Sheryl Weinstein, who had a 20-year relationship with Ponzi king Bernie Madoff, is the latest incarnation of Gustave Flaubert’s Emma Bovary.
What could an Upper East Side baby boomer and former CFO of a wealthy charity have in common with the 19th century’s original Desperate Housewife? Emma Bovary certainly didn’t have a career, while Sheryl Weinstein, according to her hastily written tell-all, sometimes out-earned her husband Ronnie. And where Madame Bovary’s feckless financial behavior is partly explained by not having a day job, nobody could say that about Mrs. Weinstein, a Wharton-educated CPA who was controller of Lincoln Center before her 13-year stint at Hadassah, the well-endowed charity that invested millions of dollars with Bernie Madoff on her watch (and during her affair.)

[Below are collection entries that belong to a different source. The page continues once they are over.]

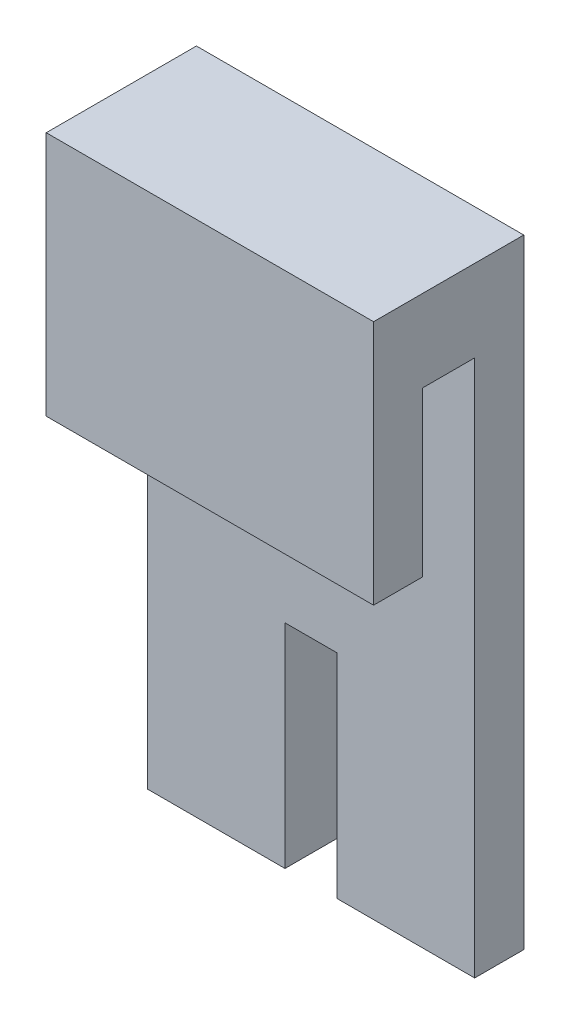
ISO-10303-21;
HEADER;
FILE_DESCRIPTION(('STEP AP214'),'2;1');
FILE_NAME('part.step','',(''),(''),'','','');
FILE_SCHEMA(('AUTOMOTIVE_DESIGN { 1 0 10303 214 1 1 1 1 }'));
ENDSEC;
DATA;
#1=APPLICATION_CONTEXT('core data for automotive mechanical design processes');
#2=APPLICATION_PROTOCOL_DEFINITION('international standard','automotive_design',2000,#1);
#3=PRODUCT_CONTEXT('',#1,'mechanical');
#4=PRODUCT('Part','Part','',(#3));
#5=PRODUCT_RELATED_PRODUCT_CATEGORY('part','',(#4));
#6=PRODUCT_DEFINITION_FORMATION('','',#4);
#7=PRODUCT_DEFINITION_CONTEXT('part definition',#1,'design');
#8=PRODUCT_DEFINITION('design','',#6,#7);
#9=PRODUCT_DEFINITION_SHAPE('','',#8);
#10=(LENGTH_UNIT() NAMED_UNIT(*) SI_UNIT(.MILLI.,.METRE.));
#11=(NAMED_UNIT(*) PLANE_ANGLE_UNIT() SI_UNIT($,.RADIAN.));
#12=(NAMED_UNIT(*) SI_UNIT($,.STERADIAN.) SOLID_ANGLE_UNIT());
#13=UNCERTAINTY_MEASURE_WITH_UNIT(LENGTH_MEASURE(1.E-05),#10,'distance_accuracy_value','');
#14=(GEOMETRIC_REPRESENTATION_CONTEXT(3) GLOBAL_UNCERTAINTY_ASSIGNED_CONTEXT((#13)) GLOBAL_UNIT_ASSIGNED_CONTEXT((#10,
#11,#12)) REPRESENTATION_CONTEXT('',''));
#15=CARTESIAN_POINT('',(0.,0.,0.));
#16=DIRECTION('',(0.,0.,1.));
#17=DIRECTION('',(1.,0.,0.));
#18=AXIS2_PLACEMENT_3D('',#15,#16,#17);
#19=CARTESIAN_POINT('',(20.,-22.812,-6.17500000000001));
#20=DIRECTION('',(0.,1.,0.));
#21=DIRECTION('',(0.,0.,1.));
#22=AXIS2_PLACEMENT_3D('',#19,#20,#21);
#23=PLANE('',#22);
#24=DIRECTION('',(0.,0.,1.));
#25=VECTOR('',#24,1.);
#26=CARTESIAN_POINT('',(8.4125,-22.812,-14.175));
#27=LINE('',#26,#25);
#28=CARTESIAN_POINT('',(8.4125,-22.812,-14.175));
#29=VERTEX_POINT('',#28);
#30=CARTESIAN_POINT('',(8.4125,-22.812,-6.17500000000001));
#31=VERTEX_POINT('',#30);
#32=EDGE_CURVE('E286',#29,#31,#27,.T.);
#33=ORIENTED_EDGE('',*,*,#32,.T.);
#34=DIRECTION('',(-1.,0.,0.));
#35=VECTOR('',#34,1.);
#36=CARTESIAN_POINT('',(20.,-22.812,-6.17500000000001));
#37=LINE('',#36,#35);
#38=CARTESIAN_POINT('',(0.,-22.812,-6.17500000000001));
#39=VERTEX_POINT('',#38);
#40=EDGE_CURVE('E184',#31,#39,#37,.T.);
#41=ORIENTED_EDGE('',*,*,#40,.T.);
#42=DIRECTION('',(0.,0.,-1.));
#43=VECTOR('',#42,1.);
#44=CARTESIAN_POINT('',(0.,-22.812,-6.17500000000001));
#45=LINE('',#44,#43);
#46=CARTESIAN_POINT('',(0.,-22.812,-9.17500000000001));
#47=VERTEX_POINT('',#46);
#48=EDGE_CURVE('E227',#39,#47,#45,.T.);
#49=ORIENTED_EDGE('',*,*,#48,.T.);
#50=DIRECTION('',(-1.,0.,0.));
#51=VECTOR('',#50,1.);
#52=CARTESIAN_POINT('',(20.,-22.812,-9.17500000000001));
#53=LINE('',#52,#51);
#54=CARTESIAN_POINT('',(5.4125,-22.812,-9.17500000000001));
#55=VERTEX_POINT('',#54);
#56=EDGE_CURVE('E245',#55,#47,#53,.T.);
#57=ORIENTED_EDGE('',*,*,#56,.F.);
#58=DIRECTION('',(0.,0.,1.));
#59=VECTOR('',#58,1.);
#60=CARTESIAN_POINT('',(5.4125,-22.812,-14.175));
#61=LINE('',#60,#59);
#62=CARTESIAN_POINT('',(5.4125,-22.812,-14.175));
#63=VERTEX_POINT('',#62);
#64=EDGE_CURVE('E282',#63,#55,#61,.T.);
#65=ORIENTED_EDGE('',*,*,#64,.F.);
#66=DIRECTION('',(-1.,0.,0.));
#67=VECTOR('',#66,1.);
#68=CARTESIAN_POINT('',(8.4125,-22.812,-14.175));
#69=LINE('',#68,#67);
#70=EDGE_CURVE('E349',#29,#63,#69,.T.);
#71=ORIENTED_EDGE('',*,*,#70,.F.);
#72=EDGE_LOOP('',(#33,#41,#49,#57,#65,#71));
#73=FACE_BOUND('',#72,.T.);
#74=ADVANCED_FACE('F39',(#73),#23,.F.);
#75=CARTESIAN_POINT('',(20.,-22.812,-9.17500000000001));
#76=DIRECTION('',(0.,0.,1.));
#77=DIRECTION('',(1.,0.,0.));
#78=AXIS2_PLACEMENT_3D('',#75,#76,#77);
#79=PLANE('',#78);
#80=DIRECTION('',(0.,-1.,0.));
#81=VECTOR('',#80,1.);
#82=CARTESIAN_POINT('',(14.5875,-6.81200000000001,-9.17500000000001));
#83=LINE('',#82,#81);
#84=CARTESIAN_POINT('',(14.5875,-6.81200000000001,-9.17500000000001));
#85=VERTEX_POINT('',#84);
#86=CARTESIAN_POINT('',(14.5875,-22.812,-9.17500000000001));
#87=VERTEX_POINT('',#86);
#88=EDGE_CURVE('E55',#85,#87,#83,.T.);
#89=ORIENTED_EDGE('',*,*,#88,.F.);
#90=DIRECTION('',(1.,0.,0.));
#91=VECTOR('',#90,1.);
#92=CARTESIAN_POINT('',(5.4125,-6.81200000000001,-9.17500000000001));
#93=LINE('',#92,#91);
#94=CARTESIAN_POINT('',(5.4125,-6.81200000000001,-9.17500000000001));
#95=VERTEX_POINT('',#94);
#96=EDGE_CURVE('E59',#95,#85,#93,.T.);
#97=ORIENTED_EDGE('',*,*,#96,.F.);
#98=DIRECTION('',(0.,1.,0.));
#99=VECTOR('',#98,1.);
#100=CARTESIAN_POINT('',(5.4125,-22.812,-9.17500000000001));
#101=LINE('',#100,#99);
#102=EDGE_CURVE('E177',#55,#95,#101,.T.);
#103=ORIENTED_EDGE('',*,*,#102,.F.);
#104=ORIENTED_EDGE('',*,*,#56,.T.);
#105=DIRECTION('',(0.,1.,0.));
#106=VECTOR('',#105,1.);
#107=CARTESIAN_POINT('',(0.,-22.812,-9.17500000000001));
#108=LINE('',#107,#106);
#109=CARTESIAN_POINT('',(0.,15.,-9.17500000000001));
#110=VERTEX_POINT('',#109);
#111=EDGE_CURVE('E231',#47,#110,#108,.T.);
#112=ORIENTED_EDGE('',*,*,#111,.T.);
#113=DIRECTION('',(-1.,0.,0.));
#114=VECTOR('',#113,1.);
#115=CARTESIAN_POINT('',(20.,15.,-9.17500000000001));
#116=LINE('',#115,#114);
#117=CARTESIAN_POINT('',(20.,15.,-9.17500000000001));
#118=VERTEX_POINT('',#117);
#119=EDGE_CURVE('E241',#118,#110,#116,.T.);
#120=ORIENTED_EDGE('',*,*,#119,.F.);
#121=DIRECTION('',(0.,1.,0.));
#122=VECTOR('',#121,1.);
#123=CARTESIAN_POINT('',(20.,-22.812,-9.17500000000001));
#124=LINE('',#123,#122);
#125=CARTESIAN_POINT('',(20.,-22.812,-9.17500000000001));
#126=VERTEX_POINT('',#125);
#127=EDGE_CURVE('E255',#126,#118,#124,.T.);
#128=ORIENTED_EDGE('',*,*,#127,.F.);
#129=EDGE_CURVE('E191',#126,#87,#53,.T.);
#130=ORIENTED_EDGE('',*,*,#129,.T.);
#131=EDGE_LOOP('',(#89,#97,#103,#104,#112,#120,#128,#130));
#132=FACE_BOUND('',#131,.T.);
#133=ADVANCED_FACE('F254',(#132),#79,.F.);
#134=CARTESIAN_POINT('',(20.,15.,0.));
#135=DIRECTION('',(0.,0.,-1.));
#136=DIRECTION('',(0.,1.,0.));
#137=AXIS2_PLACEMENT_3D('',#134,#135,#136);
#138=PLANE('',#137);
#139=DIRECTION('',(0.,-1.,0.));
#140=VECTOR('',#139,1.);
#141=CARTESIAN_POINT('',(0.,15.,0.));
#142=LINE('',#141,#140);
#143=CARTESIAN_POINT('',(0.,15.,0.));
#144=VERTEX_POINT('',#143);
#145=CARTESIAN_POINT('',(0.,0.,0.));
#146=VERTEX_POINT('',#145);
#147=EDGE_CURVE('E163',#144,#146,#142,.T.);
#148=ORIENTED_EDGE('',*,*,#147,.T.);
#149=DIRECTION('',(-1.,0.,0.));
#150=VECTOR('',#149,1.);
#151=CARTESIAN_POINT('',(20.,0.,0.));
#152=LINE('',#151,#150);
#153=CARTESIAN_POINT('',(20.,0.,0.));
#154=VERTEX_POINT('',#153);
#155=EDGE_CURVE('E11',#154,#146,#152,.T.);
#156=ORIENTED_EDGE('',*,*,#155,.F.);
#157=DIRECTION('',(0.,-1.,0.));
#158=VECTOR('',#157,1.);
#159=CARTESIAN_POINT('',(20.,15.,0.));
#160=LINE('',#159,#158);
#161=CARTESIAN_POINT('',(20.,15.,0.));
#162=VERTEX_POINT('',#161);
#163=EDGE_CURVE('E237',#162,#154,#160,.T.);
#164=ORIENTED_EDGE('',*,*,#163,.F.);
#165=DIRECTION('',(-1.,0.,0.));
#166=VECTOR('',#165,1.);
#167=CARTESIAN_POINT('',(20.,15.,0.));
#168=LINE('',#167,#166);
#169=EDGE_CURVE('E238',#162,#144,#168,.T.);
#170=ORIENTED_EDGE('',*,*,#169,.T.);
#171=EDGE_LOOP('',(#148,#156,#164,#170));
#172=FACE_BOUND('',#171,.T.);
#173=ADVANCED_FACE('F41',(#172),#138,.F.);
#174=CARTESIAN_POINT('',(20.,0.,0.));
#175=DIRECTION('',(0.,1.,0.));
#176=DIRECTION('',(0.,0.,1.));
#177=AXIS2_PLACEMENT_3D('',#174,#175,#176);
#178=PLANE('',#177);
#179=DIRECTION('',(0.,0.,-1.));
#180=VECTOR('',#179,1.);
#181=CARTESIAN_POINT('',(0.,0.,0.));
#182=LINE('',#181,#180);
#183=CARTESIAN_POINT('',(0.,0.,-3.));
#184=VERTEX_POINT('',#183);
#185=EDGE_CURVE('E212',#146,#184,#182,.T.);
#186=ORIENTED_EDGE('',*,*,#185,.T.);
#187=DIRECTION('',(-1.,0.,0.));
#188=VECTOR('',#187,1.);
#189=CARTESIAN_POINT('',(20.,0.,-3.));
#190=LINE('',#189,#188);
#191=CARTESIAN_POINT('',(20.,0.,-3.));
#192=VERTEX_POINT('',#191);
#193=EDGE_CURVE('E48',#192,#184,#190,.T.);
#194=ORIENTED_EDGE('',*,*,#193,.F.);
#195=DIRECTION('',(0.,0.,-1.));
#196=VECTOR('',#195,1.);
#197=CARTESIAN_POINT('',(20.,0.,0.));
#198=LINE('',#197,#196);
#199=EDGE_CURVE('E297',#154,#192,#198,.T.);
#200=ORIENTED_EDGE('',*,*,#199,.F.);
#201=ORIENTED_EDGE('',*,*,#155,.T.);
#202=EDGE_LOOP('',(#186,#194,#200,#201));
#203=FACE_BOUND('',#202,.T.);
#204=ADVANCED_FACE('F402',(#203),#178,.F.);
#205=CARTESIAN_POINT('',(20.,0.,-3.));
#206=DIRECTION('',(0.,0.,1.));
#207=DIRECTION('',(1.,0.,0.));
#208=AXIS2_PLACEMENT_3D('',#205,#206,#207);
#209=PLANE('',#208);
#210=DIRECTION('',(0.,1.,0.));
#211=VECTOR('',#210,1.);
#212=CARTESIAN_POINT('',(0.,0.,-3.));
#213=LINE('',#212,#211);
#214=CARTESIAN_POINT('',(0.,10.,-3.));
#215=VERTEX_POINT('',#214);
#216=EDGE_CURVE('E205',#184,#215,#213,.T.);
#217=ORIENTED_EDGE('',*,*,#216,.T.);
#218=DIRECTION('',(-1.,0.,0.));
#219=VECTOR('',#218,1.);
#220=CARTESIAN_POINT('',(20.,10.,-3.));
#221=LINE('',#220,#219);
#222=CARTESIAN_POINT('',(20.,10.,-3.));
#223=VERTEX_POINT('',#222);
#224=EDGE_CURVE('E189',#223,#215,#221,.T.);
#225=ORIENTED_EDGE('',*,*,#224,.F.);
#226=DIRECTION('',(0.,1.,0.));
#227=VECTOR('',#226,1.);
#228=CARTESIAN_POINT('',(20.,0.,-3.));
#229=LINE('',#228,#227);
#230=EDGE_CURVE('E206',#192,#223,#229,.T.);
#231=ORIENTED_EDGE('',*,*,#230,.F.);
#232=ORIENTED_EDGE('',*,*,#193,.T.);
#233=EDGE_LOOP('',(#217,#225,#231,#232));
#234=FACE_BOUND('',#233,.T.);
#235=ADVANCED_FACE('F203',(#234),#209,.F.);
#236=CARTESIAN_POINT('',(20.,10.,-3.));
#237=DIRECTION('',(0.,1.,0.));
#238=DIRECTION('',(0.,0.,1.));
#239=AXIS2_PLACEMENT_3D('',#236,#237,#238);
#240=PLANE('',#239);
#241=DIRECTION('',(0.,0.,-1.));
#242=VECTOR('',#241,1.);
#243=CARTESIAN_POINT('',(0.,10.,-3.));
#244=LINE('',#243,#242);
#245=CARTESIAN_POINT('',(0.,10.,-6.175));
#246=VERTEX_POINT('',#245);
#247=EDGE_CURVE('E214',#215,#246,#244,.T.);
#248=ORIENTED_EDGE('',*,*,#247,.T.);
#249=DIRECTION('',(-1.,0.,0.));
#250=VECTOR('',#249,1.);
#251=CARTESIAN_POINT('',(20.,10.,-6.175));
#252=LINE('',#251,#250);
#253=CARTESIAN_POINT('',(20.,10.,-6.175));
#254=VERTEX_POINT('',#253);
#255=EDGE_CURVE('E183',#254,#246,#252,.T.);
#256=ORIENTED_EDGE('',*,*,#255,.F.);
#257=DIRECTION('',(0.,0.,-1.));
#258=VECTOR('',#257,1.);
#259=CARTESIAN_POINT('',(20.,10.,-3.));
#260=LINE('',#259,#258);
#261=EDGE_CURVE('E302',#223,#254,#260,.T.);
#262=ORIENTED_EDGE('',*,*,#261,.F.);
#263=ORIENTED_EDGE('',*,*,#224,.T.);
#264=EDGE_LOOP('',(#248,#256,#262,#263));
#265=FACE_BOUND('',#264,.T.);
#266=ADVANCED_FACE('F395',(#265),#240,.F.);
#267=CARTESIAN_POINT('',(20.,10.,-6.175));
#268=DIRECTION('',(0.,0.,-1.));
#269=DIRECTION('',(0.,1.,0.));
#270=AXIS2_PLACEMENT_3D('',#267,#268,#269);
#271=PLANE('',#270);
#272=ORIENTED_EDGE('',*,*,#40,.F.);
#273=DIRECTION('',(0.,-1.,0.));
#274=VECTOR('',#273,1.);
#275=CARTESIAN_POINT('',(8.4125,-22.812,-6.17500000000001));
#276=LINE('',#275,#274);
#277=CARTESIAN_POINT('',(8.4125,-9.81199999999999,-6.175));
#278=VERTEX_POINT('',#277);
#279=EDGE_CURVE('E332',#278,#31,#276,.T.);
#280=ORIENTED_EDGE('',*,*,#279,.F.);
#281=DIRECTION('',(-1.,0.,0.));
#282=VECTOR('',#281,1.);
#283=CARTESIAN_POINT('',(8.4125,-9.81199999999999,-6.175));
#284=LINE('',#283,#282);
#285=CARTESIAN_POINT('',(11.5875,-9.81199999999999,-6.175));
#286=VERTEX_POINT('',#285);
#287=EDGE_CURVE('E175',#286,#278,#284,.T.);
#288=ORIENTED_EDGE('',*,*,#287,.F.);
#289=DIRECTION('',(0.,1.,0.));
#290=VECTOR('',#289,1.);
#291=CARTESIAN_POINT('',(11.5875,-9.81199999999999,-6.175));
#292=LINE('',#291,#290);
#293=CARTESIAN_POINT('',(11.5875,-22.812,-6.17500000000001));
#294=VERTEX_POINT('',#293);
#295=EDGE_CURVE('E155',#294,#286,#292,.T.);
#296=ORIENTED_EDGE('',*,*,#295,.F.);
#297=CARTESIAN_POINT('',(20.,-22.812,-6.17500000000001));
#298=VERTEX_POINT('',#297);
#299=EDGE_CURVE('E171',#298,#294,#37,.T.);
#300=ORIENTED_EDGE('',*,*,#299,.F.);
#301=DIRECTION('',(0.,-1.,0.));
#302=VECTOR('',#301,1.);
#303=CARTESIAN_POINT('',(20.,10.,-6.175));
#304=LINE('',#303,#302);
#305=EDGE_CURVE('E305',#254,#298,#304,.T.);
#306=ORIENTED_EDGE('',*,*,#305,.F.);
#307=ORIENTED_EDGE('',*,*,#255,.T.);
#308=DIRECTION('',(0.,-1.,0.));
#309=VECTOR('',#308,1.);
#310=CARTESIAN_POINT('',(0.,10.,-6.175));
#311=LINE('',#310,#309);
#312=EDGE_CURVE('E219',#246,#39,#311,.T.);
#313=ORIENTED_EDGE('',*,*,#312,.T.);
#314=EDGE_LOOP('',(#272,#280,#288,#296,#300,#306,#307,#313));
#315=FACE_BOUND('',#314,.T.);
#316=ADVANCED_FACE('F169',(#315),#271,.F.);
#317=ORIENTED_EDGE('',*,*,#299,.T.);
#318=DIRECTION('',(0.,0.,1.));
#319=VECTOR('',#318,1.);
#320=CARTESIAN_POINT('',(11.5875,-22.812,-14.175));
#321=LINE('',#320,#319);
#322=CARTESIAN_POINT('',(11.5875,-22.812,-14.175));
#323=VERTEX_POINT('',#322);
#324=EDGE_CURVE('E151',#323,#294,#321,.T.);
#325=ORIENTED_EDGE('',*,*,#324,.F.);
#326=DIRECTION('',(-1.,0.,0.));
#327=VECTOR('',#326,1.);
#328=CARTESIAN_POINT('',(14.5875,-22.812,-14.175));
#329=LINE('',#328,#327);
#330=CARTESIAN_POINT('',(14.5875,-22.812,-14.175));
#331=VERTEX_POINT('',#330);
#332=EDGE_CURVE('E266',#331,#323,#329,.T.);
#333=ORIENTED_EDGE('',*,*,#332,.F.);
#334=DIRECTION('',(0.,0.,1.));
#335=VECTOR('',#334,1.);
#336=CARTESIAN_POINT('',(14.5875,-22.812,-14.175));
#337=LINE('',#336,#335);
#338=EDGE_CURVE('E262',#331,#87,#337,.T.);
#339=ORIENTED_EDGE('',*,*,#338,.T.);
#340=ORIENTED_EDGE('',*,*,#129,.F.);
#341=DIRECTION('',(0.,0.,-1.));
#342=VECTOR('',#341,1.);
#343=CARTESIAN_POINT('',(20.,-22.812,-6.17500000000001));
#344=LINE('',#343,#342);
#345=EDGE_CURVE('E181',#298,#126,#344,.T.);
#346=ORIENTED_EDGE('',*,*,#345,.F.);
#347=EDGE_LOOP('',(#317,#325,#333,#339,#340,#346));
#348=FACE_BOUND('',#347,.T.);
#349=ADVANCED_FACE('F179',(#348),#23,.F.);
#350=CARTESIAN_POINT('',(20.,15.,-9.17500000000001));
#351=DIRECTION('',(0.,-1.,0.));
#352=DIRECTION('',(0.,0.,-1.));
#353=AXIS2_PLACEMENT_3D('',#350,#351,#352);
#354=PLANE('',#353);
#355=DIRECTION('',(0.,0.,1.));
#356=VECTOR('',#355,1.);
#357=CARTESIAN_POINT('',(0.,15.,-9.17500000000001));
#358=LINE('',#357,#356);
#359=EDGE_CURVE('E234',#110,#144,#358,.T.);
#360=ORIENTED_EDGE('',*,*,#359,.T.);
#361=ORIENTED_EDGE('',*,*,#169,.F.);
#362=DIRECTION('',(0.,0.,1.));
#363=VECTOR('',#362,1.);
#364=CARTESIAN_POINT('',(20.,15.,-9.17500000000001));
#365=LINE('',#364,#363);
#366=EDGE_CURVE('E242',#118,#162,#365,.T.);
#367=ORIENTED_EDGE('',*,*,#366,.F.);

Sheryl gave this man her life savings more easily than she gave herself physically.
Like Flaubert’s Emma, on the other hand, Sheryl is a product of the new middle class. She discovered Dijonaise sauce late in life and says she didn’t learn about “medium rare” until she went to college. There will be no arsenic for Sheryl, though—unlike Emma, she has a book deal.
You might think Weinstein’s memoir, released today to great fanfare by St. Martin’s Press, was too quickly produced to deserve high-culture comparisons. But Madoff’s Other Secret is a surprisingly good read, and even though it’s been dismissed as trash, any woman who has stepped out on a long-term relationship should be able to rise above literary snobbery. Those who snipe at Weinstein for being frank about adultery (yet so calculating and mum pre-publication!) may prefer that she copy Anna Karenina and throw herself onto the tracks. But I suspect some critics (Ira Sorkin, for example) are pretending not to understand. A breadwinner like Weinstein who creates a financial predicament often feels an obligation—and has every right—to try to correct it.
Madoff's Other Secret. By Sheryl Weinstein. 224 Pages. St. Martin's Press. $23.99.
Still others have implied that Weinstein, like Nathaniel Hawthorne’s Hester Prynne, ought to be wearing the scarlet “A” for adulteress, but Weinstein isn’t buying into the sexual shame game. She has apologized rather publicly to her husband for revealing so much about their marriage while offering useful tips to the rest of us about how to handle a sticky private confession. (When there was no plausible way to continue hiding her past affair from her husband, she told him her confession “was going to be a one-way conversation.” She didn’t want Ronnie to divulge “anything that may have happened in his life.”)
True confession: I hated Madame Bovary, sacrilegious as that sounds. I despised Emma Bovary for screwing up her life so thoroughly. From an early age, my role models were intelligent, diplomatic, and self-preserving cheaters who knew how to have their cake twice a day without destroying everyone they had ever lived with. Mistakes do happen, but a wise cheater sees each blunder as a teachable moment, treating adultery as a skill rather than a weakness or a sin.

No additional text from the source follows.